For now, the market appears to be content with trading just below the price break near 58 cents. All monthly New York ICE contracts from the old crop May through the new crop December were hovering just above the 57-cent mark. Thus, weekly losses were limited to only about 50 points.
The temptation was to view this as a moral victory. The market is famous for giving second chances, but it also takes no prisoners. We are not talking horseshoes here.
In that light, it was noted that one excellent market advisor suggested buying December calls above 58 cents, while another with a large following suggested buying December puts at 58 cents. Two views, opposite market directions. One can build a case to support either view.
However, the typical blowout bottom is soon accompanied by an outside range trading day. This is typified by a daily trading range that is higher than the prior day’s high and lower than the prior day’s low, with a close that is higher than the prior day’s close. It sounds like gobbledygook, but can be so telling and so accurate. It is a measure of the trading population’s emotions and financial opinion, and it is the signal that traders would like to see (or not see) before exiting the market or potentially adding more short positions.
The market also digested USDA’s forecast of a 14.1 million bale crop on 9.4 million planted acres in 2016. While our plantings estimate had been identical, with the Beltwide estimate and the NCC plantings survey both 9.1 million acres, we had, over the past month, backed our estimate down to 8.9 million acres.
Yet, it is difficult not to accept the 9.1-9.4 million acres plantings estimates. Growers want to plant more cotton. They have voiced it verbally and in every survey. They site improved yields, improved quality (both due to the seed company research), as well as lower grain and oilseed prices. The corn/cotton growers remain very fond of the rotation.
In response to planting more soybeans, many farmers respond that they may likely switch some soybean land to grain sorghum – a tell-tale signal that soybeans, even at $8.75, are out of favor with an increasing number of growers (note: irrigated land capable of harvesting 60 bushels and up will still draw soybeans).
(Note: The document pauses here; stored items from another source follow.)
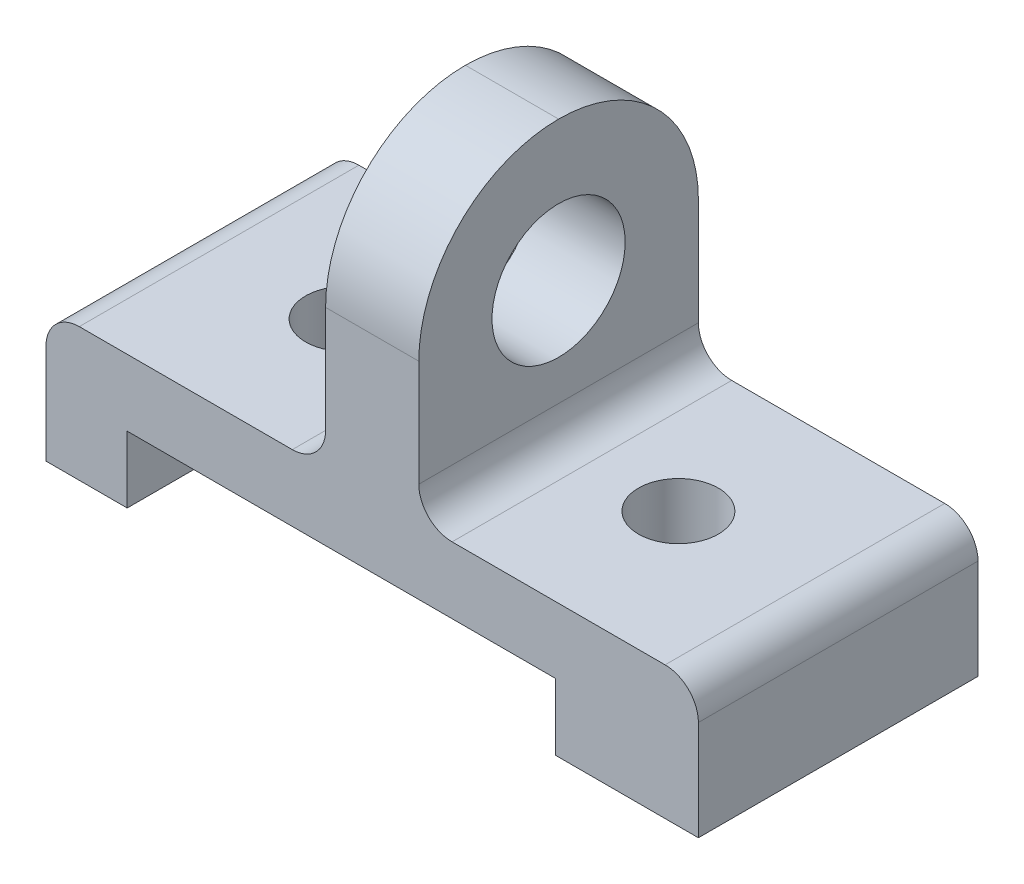
SolidWorks part; units mm, degrees
ref_plane "Front Plane" through (0, 0, 0) normal (0, 0, 1) x (1, 0, 0)
ref_plane "Top Plane" through (0, 0, 0) normal (0, 1, 0) x (1, 0, 0)
ref_plane "Right Plane" through (0, 0, 0) normal (1, 0, 0) x (0, 0, -1)
sketch "Sketch2" plane through (0, 0, 0) normal (0, 1, 0) x (1, 0, 0)
  line L1 (0, 0) -> (98, 0)
  line L2 (0, 0) -> (0, 42)
  line L3 (0, 42) -> (98, 42)
  line L4 (98, 0) -> (98, 42)
  dimension "D1" = 98
  dimension "D2" = 42
extrude "Boss-Extrude1" add sketch "Sketch2" along normal mid plane 20
sketch "Sketch3" plane through (0, 0, 0) normal (0, 0, 1) x (1, 0, 0)
  line L0 (0, -10) -> (98, -10) construction
  line L1 (12.1991, -10) -> (76.5282, -10)
  line L2 (12.1991, -10) -> (12.1991, 0)
  line L3 (12.1991, 0) -> (76.5282, 0)
  line L4 (76.5282, -10) -> (76.5282, 0)
extrude "Cut-Extrude3" cut sketch "Sketch3" against normal through all contours L2 L3 L4 L1
ref_plane "Plane2" through (49, 0, 0) normal (1, 0, 0) x (0, 0, -1)
sketch "Sketch4" plane through (49, 0, 0) normal (1, 0, 0) x (0, 0, -1)
  line L1 (0, 10) -> (42, 10)
  line L2 (0, 10) -> (0, 52)
  line L3 (0, 52) -> (42, 52)
  line L4 (42, 10) -> (42, 52)
  dimension "D1" = 42
  dimension "D2" = 42
extrude "Boss-Extrude2" add sketch "Sketch4" along normal mid plane 14
fillet "Fillet1" radius 21 2 edges at (49, 52, 0) (49, 52, -42)
sketch "Sketch5" plane through (56, 0, 0) normal (1, 0, 0) x (0, 0, -1)
  line L0 (0, 10) -> (42, 10) construction
  circle A0 centre (21, 31) radius 10
  dimension "D1" = 20
  dimension "D2" = 21
extrude "Cut-Extrude4" cut sketch "Sketch5" against normal blind 14
sketch "Sketch7" plane through (0, 10, 0) normal (0, 1, 0) x (1, 0, 0)
  line L0 (0, 0) -> (42, 0) construction
  line L1 (0, 42) -> (0, 0) construction
  circle A0 centre (24, 21) radius 6
  dimension "D1" = 12
  dimension "D2" = 21
  dimension "D3" = 24
extrude "Cut-Extrude6" cut sketch "Sketch7" against normal through all
mirror "Mirror3" about plane through (49, 0, 0) normal (1, 0, 0) of "Cut-Extrude6"
fillet "Fillet5" radius 5 1 edges at (98, 10, -21)
fillet "Fillet6" radius 5 1 edges at (0, 10, -21)
fillet "Fillet7" radius 5 2 edges at (42, 10, -21) (56, 10, -21)

Cotton, however, offers little in the way of profits for growers that face land charges, as well as custom harvest expenses. Yet, growers with both ginning and warehouse interest still find that the market will more than cover expenses, albeit mostly only slightly better than a push.
Additionally, Mid-South and Southeastern U.S growers continue to be attracted to 13 cent equity offers for 2016 crop. As noted numerous times, Southwest growers are all but locked into cotton. Nevertheless, it is at best difficult to plant cotton under cost management conditions.